The marines patrolled roads in the Kandahar area hoping to intercept al-Qaeda officials heading toward Pakistan. But DeLong, now retired, said in an interview that the marines would not have been able to undertake the blocking mission at the border. "It wouldn't have worked - even if we could have gotten them up there," he said. "There weren't enough to police 1,500 kilometers of border."

US troops probably would also have faced armed resistance from the local tribal population in the border region, according to DeLong. The tribesmen in local villages near the border "liked bin Laden", he said "because he had given them millions of dollars".

Had the Bush administration's priority been to capture or kill the al-Qaeda leadership, it would have deployed the necessary ground troops and airlift resources in the theater over a period of months before the offensive in Afghanistan began.

"You could have moved American troops along the Pakistani border before you went into Afghanistan," said Lamm. But that would have meant waiting until spring 2002 to take the offensive against the Taliban, according to Lamm.

The views of Bush's key advisers, however, ruled out any such plan from the start.
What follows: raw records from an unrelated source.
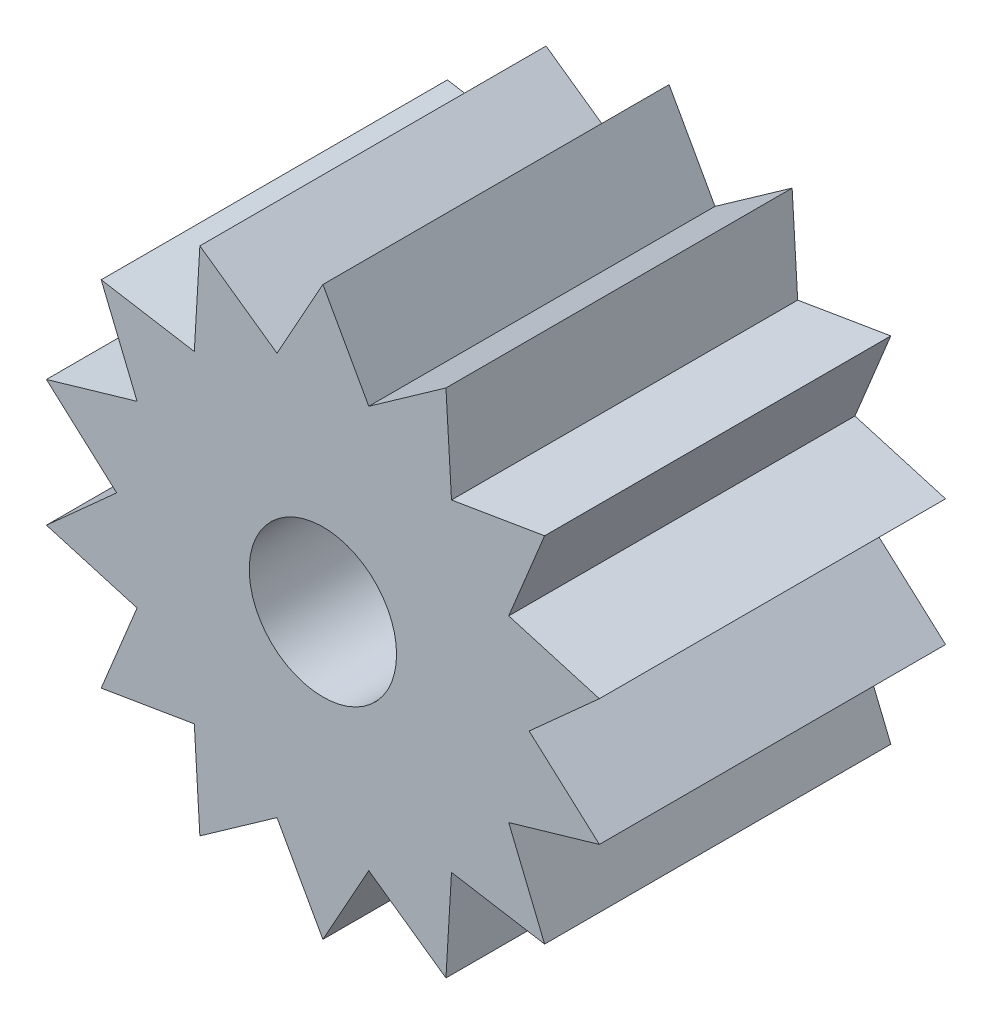
SolidWorks part; units mm, degrees
ref_plane "Front Plane" through (0, 0, 0) normal (0, 0, 1) x (1, 0, 0)
ref_plane "Top Plane" through (0, 0, 0) normal (0, 1, 0) x (1, 0, 0)
ref_plane "Right Plane" through (0, 0, 0) normal (1, 0, 0) x (0, 0, -1)
sketch "Sketch1" plane through (0, 0, 0) normal (0, 0, 1) x (1, 0, 0)
  line L0 (0, 3.85) -> (0.6231, 2.7298)
  line L1 (0.6231, 2.7298) -> (1.6705, 3.4687)
  line L2 (1.6705, 3.4687) -> (1.7458, 2.1891)
  line L3 (1.7458, 2.1891) -> (3.0101, 2.4004)
  line L4 (3.0101, 2.4004) -> (2.5227, 1.2149)
  line L5 (2.5227, 1.2149) -> (3.7535, 0.8567)
  line L6 (3.7535, 0.8567) -> (2.8, 0)
  line L7 (2.8, 0) -> (3.7535, -0.8567)
  line L8 (3.7535, -0.8567) -> (2.5227, -1.2149)
  line L9 (2.5227, -1.2149) -> (3.0101, -2.4004)
  line L10 (3.0101, -2.4004) -> (1.7458, -2.1891)
  line L11 (1.7458, -2.1891) -> (1.6705, -3.4687)
  line L12 (1.6705, -3.4687) -> (0.6231, -2.7298)
  line L13 (0.6231, -2.7298) -> (0, -3.85)
  line L14 (0, -3.85) -> (-0.6231, -2.7298)
  line L15 (-0.6231, -2.7298) -> (-1.6705, -3.4687)
  line L16 (-1.6705, -3.4687) -> (-1.7458, -2.1891)
  line L17 (-1.7458, -2.1891) -> (-3.0101, -2.4004)
  line L18 (-3.0101, -2.4004) -> (-2.5227, -1.2149)
  line L19 (-2.5227, -1.2149) -> (-3.7535, -0.8567)
  line L20 (-3.7535, -0.8567) -> (-2.8, 0)
  line L21 (-2.8, 0) -> (-3.7535, 0.8567)
  line L22 (-3.7535, 0.8567) -> (-2.5227, 1.2149)
  line L23 (-2.5227, 1.2149) -> (-3.0101, 2.4004)
  line L24 (-3.0101, 2.4004) -> (-1.7458, 2.1891)
  line L25 (-1.7458, 2.1891) -> (-1.6705, 3.4687)
  line L26 (-1.6705, 3.4687) -> (-0.6231, 2.7298)
  line L27 (-0.6231, 2.7298) -> (0, 3.85)
  circle A1 centre (0, 0) radius 1
  point P21 (0, 0)
  point P48 (0, 0)
  dimension "D1" = 14
  dimension "D2" = 2
extrude "Boss-Extrude1" add sketch "Sketch1" along normal blind 4.7

During the summer of 2001 Rumsfeld refused to develop contingency plans for military action against al-Qaeda in Afghanistan, despite a National Security Presidential Directive that called for such planning, according to the 9-11 Commission report.

Rumsfeld and deputy defense secretary Paul Wolfowitz resisted such planning for Afghanistan because they were hoping that the White House would move quickly on military intervention in Iraq. According to the 9-11 Commission, at four deputies' meetings on Iraq between May 31 and July 26, 2001, Wolfowitz pushed his idea to have US troops seize all the oil fields in southern Iraq.

Even after September 11, Rumsfeld, Wolfowitz and Vice President Dick Cheney continued to resist any military engagement in Afghanistan, because they were hoping for war against Iraq instead.

Bush's top secret order of September 17 for war with Afghanistan also directed the Pentagon to begin planning for an invasion of Iraq, according to journalist James Bamford's book Pretext for War.

Cheney and Rumsfeld pushed for a quick victory in Afghanistan in NSC meetings in October, as recounted by both Woodward and Undersecretary of Defense Douglas Feith. Lost in the eagerness to wrap up the Taliban and get on with the Iraq War was any possibility of preventing Bin Laden's escape to Pakistan.

Gareth Porter is an investigative historian and journalist specializing in US national security policy. The paperback edition of his latest book, Perils of Dominance: Imbalance of Power and the Road to War in Vietnam, was published in 2006.